Esa noche desplegaron las carretas de Katrina en la margen sur del río. Seguía lloviendo. Los sirvientes de Sean lo saludaron desde lejos y Sean les hizo señas, pero el agua pardusca rugía entre los dos grupos y silenciaba la comunicación, suprimiendo además toda esperanza de pasar. Katrina contempló el agua.

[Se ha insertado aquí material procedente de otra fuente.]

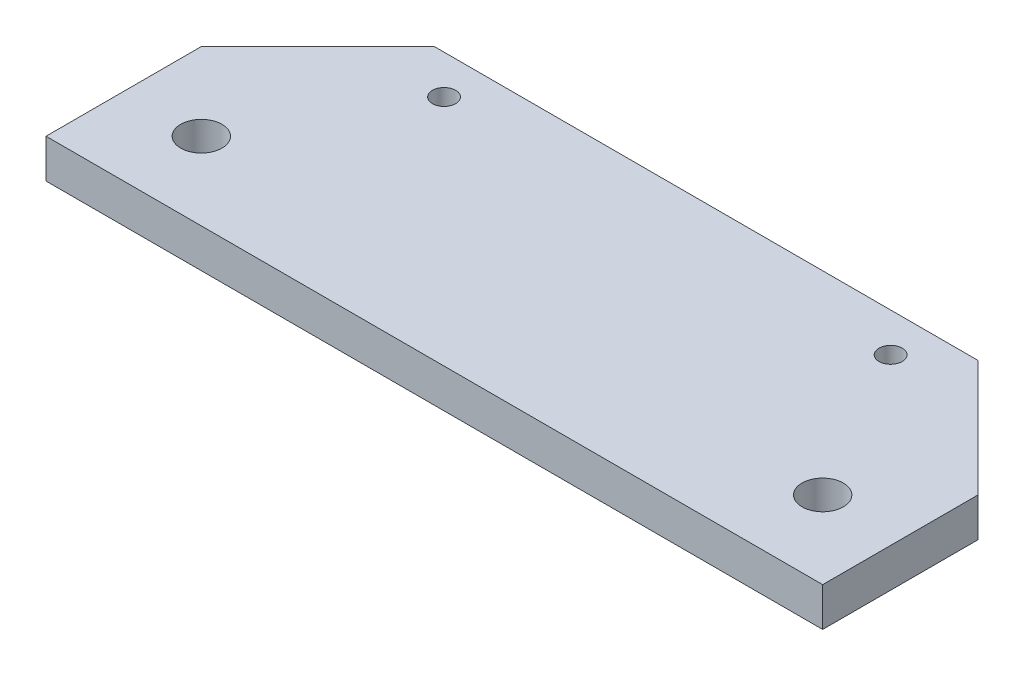
SolidWorks part; units mm, degrees
ref_plane "Front Plane" through (0, 0, 0) normal (0, 0, 1) x (1, 0, 0)
ref_plane "Top Plane" through (0, 0, 0) normal (0, 1, 0) x (1, 0, 0)
ref_plane "Right Plane" through (0, 0, 0) normal (1, 0, 0) x (0, 0, -1)
sketch "Sketch8" plane through (0, 0, 0) normal (0, 1, 0) x (1, 0, 0)
  line L0 (44.45, 0) -> (44.45, -12.7)
  line L1 (0, 0) -> (88.9, 0)
  line L2 (0, 0) -> (0, -12.7)
  line L3 (0, -12.7) -> (88.9, -12.7)
  line L4 (88.9, 0) -> (88.9, -12.7)
  line L5 (7.9375, -6.35) -> (80.9625, -6.35)
  line L6 (44.45, -12.7) -> (44.45, -31.75)
  line L7 (0, 0) -> (-19.05, -19.05)
  line L8 (-19.05, -19.05) -> (107.95, -19.05)
  line L9 (-19.05, -19.05) -> (-19.05, -44.45)
  line L10 (-19.05, -44.45) -> (107.95, -44.45)
  line L11 (107.95, -19.05) -> (107.95, -44.45)
  line L12 (-19.05, -19.05) -> (107.95, -44.45) construction
  line L13 (-19.05, -44.45) -> (107.95, -19.05) construction
  line L14 (88.9, 0) -> (107.95, -19.05)
  line L15 (95.25, -31.75) -> (-6.35, -31.75)
  point P10 (44.45, -6.35)
  point P15 (0, 0)
  point P23 (44.45, -31.75)
  dimension "D1" = 12.7
  dimension "D2" = 88.9
  dimension "D3" = 73.025
  dimension "D4" = 25.4
  dimension "D5" = 127
  dimension "D6" = 6.35
  dimension "D7" = 101.6
extrude "Boss-Extrude3" add sketch "Sketch8" along normal blind 6.35 contours L7 L8 L6 L3 L2 | L14 L4 L3 L6 L8 | L9 L8 L11 L10 | L2 L1 L4 L3 region at (11.0435, 0, 14.6326) region at (77.8565, 0, 14.6326)
hole_wizard "CBORE for #6 Socket Head Cap Screw1" positions "Sketch11" profile "Sketch12" counterbore size "#6" standard "ANSI Inch" end condition up to next
sketch "Sketch11" plane through (0, 0, 0) normal (0, -1, 0) x (-1, 0, 0)
  point P0 (-80.9625, -6.35)
  point P3 (-7.9375, -6.35)
sketch "Sketch12" plane through (80.9625, 0, 6.35) normal (1, 0, 0) x (0, 0, -1)
  line L0 (0, 0) -> (0, 6.35)
  line L1 (0, 6.35) -> (1.8986, 6.35)
  line L3 (1.8986, 6.35) -> (1.8986, 3.5052)
  line L4 (1.8986, 3.5052) -> (3.5725, 3.5052)
  line L5 (3.5725, 3.5052) -> (3.5725, 0)
  line L7 (3.5725, 0) -> (0, 0)
  line L11 (0, -6.35) -> (0, 107.95) construction
  dimension "Thru Hole Dia." = 3.7973
  dimension "Thru Hole Depth" = 6.35
  dimension "C'Bore Dia." = 7.145
  dimension "C'Bore Depth" = 3.5052
hole_wizard "1/4 Clearance Hole1" positions "Sketch13" profile "Sketch14" hole size "1/4" standard "ANSI Inch" end condition up to next
sketch "Sketch13" plane through (0, 6.35, 0) normal (0, 1, 0) x (1, 0, 0)
  point P0 (-6.35, -31.75)
  point P3 (95.25, -31.75)
sketch "Sketch14" plane through (-6.35, 6.35, 31.75) normal (1, 0, 0) x (0, 0, 1)
  line L0 (0, 0) -> (0, 6.35)
  line L1 (0, 6.35) -> (3.3782, 6.35)
  line L2 (3.3782, 6.35) -> (3.3782, 0)
  line L5 (3.3782, 0) -> (0, 0)
  line L11 (0, -6.35) -> (0, 107.95) construction
  dimension "Thru Hole Dia." = 6.7564
  dimension "Thru Hole Depth" = 6.35

—¿Realmente nadaste allí, meneer?
—Tan rápido que apenas me mojé.
—Gracias —dijo ella entonces.
A pesar de la lluvia y del fuego que humeaba, Katrina le sirvió una comida tan buena como las de Ouma. Comieron bajo la protección de una lona, junto a la carreta de ella. El viento hacía chisporrotear la lámpara, azotaba la lona y soplaba una fina llovizna sobre ellos. Estaban tan incómodos que Sean propuso que entrasen en la carreta. Katrina titubeó antes de acceder. Se sentó entonces en el borde de su catre y Sean en un cofre frente a ella. Durante un instante incómodo, la conversación tardó en iniciarse, pero pronto se volvió ágil como la corriente del río afuera.
—Todavía tengo el pelo mojado —exclamó Katrina por último—. ¿Te molesta que me lo seque mientras conversamos?
—Desde luego que no.
—Entonces iré a buscar mi toalla.
Se levantaron los dos a la vez y había poco espacio dentro de la carreta. Se tocaron. Cayeron sobre el catre. Los labios de Sean sobre los suyos, la insistencia de sus dedos en la nuca, en la espalda… todo ello era desconcertante para Katrina. Al principio tardó en responder, pero no tardó en hacerlo con movimientos de su propio cuerpo y de sus manos al aferrar los brazos y los hombros de Sean. Sentía la confusión en todo el cuerpo y no podía impedirla, ni tampoco lo deseaba. Levantó las dos manos y le tocó el pelo, atrayéndolo hacia sí. Sean le mordió los labios… Dolor grato, excitante. Sintió su mano en un pecho, en un pezón erecto. Katrina reaccionó como una potranca que siente el látigo por primera vez. Por un instante permaneció bajo el sortilegio de las caricias de Sean, pero al siguiente su movimiento convulsivo tomó a Sean por sorpresa. Cayó hacia atrás del catre y se golpeó la cabeza contra el cofre de madera. Sentado en el suelo, se quedó mirándola, demasiado sorprendido para palparse, siquiera, el gran bulto que tenía en el cráneo. Katrina estaba arrebatada y se quitó el pelo de la cara con las dos manos. Agitaba la cabeza, en un esfuerzo por serenarse.
—Debes irte ahora, meneer. Los sirvientes te prepararon la cama en una de las otras carretas.
Sean se puso de pie de un salto.
—Pero, yo supuse que… sin duda estamos… quiero decir que… que …
—No te me acerques —le advirtió ella con aprensión—. Si vuelves a tocarme esta noche, te… te morderé.
—¡Pero, Katrina, por favor, no puedo dormir en la otra carreta! —La sola idea lo horrorizaba.
—¡Te prepararé la comida, te remendaré la ropa… todo! Pero hasta que encuentre un pastor… —Katrina calló. Sean había comprendido. Intentó discutir. Por primera vez se veía frente a la testarudez de los bóers y por fin se retiró a dormir solo. Delante de él estaba uno de los perros de Katrina, un galgo casi adulto. Las tentativas de Sean para que el perro se fuese fueron tan inútiles como las anteriores de persuadir a su dueña. Sean y el perro compartieron su cama. Durante la noche tuvieron una diferencia en cuanto a lo que correspondía a cada uno en materia de mitad de mantas. A raíz de ella el perro se ganó su nombre: Ladrón.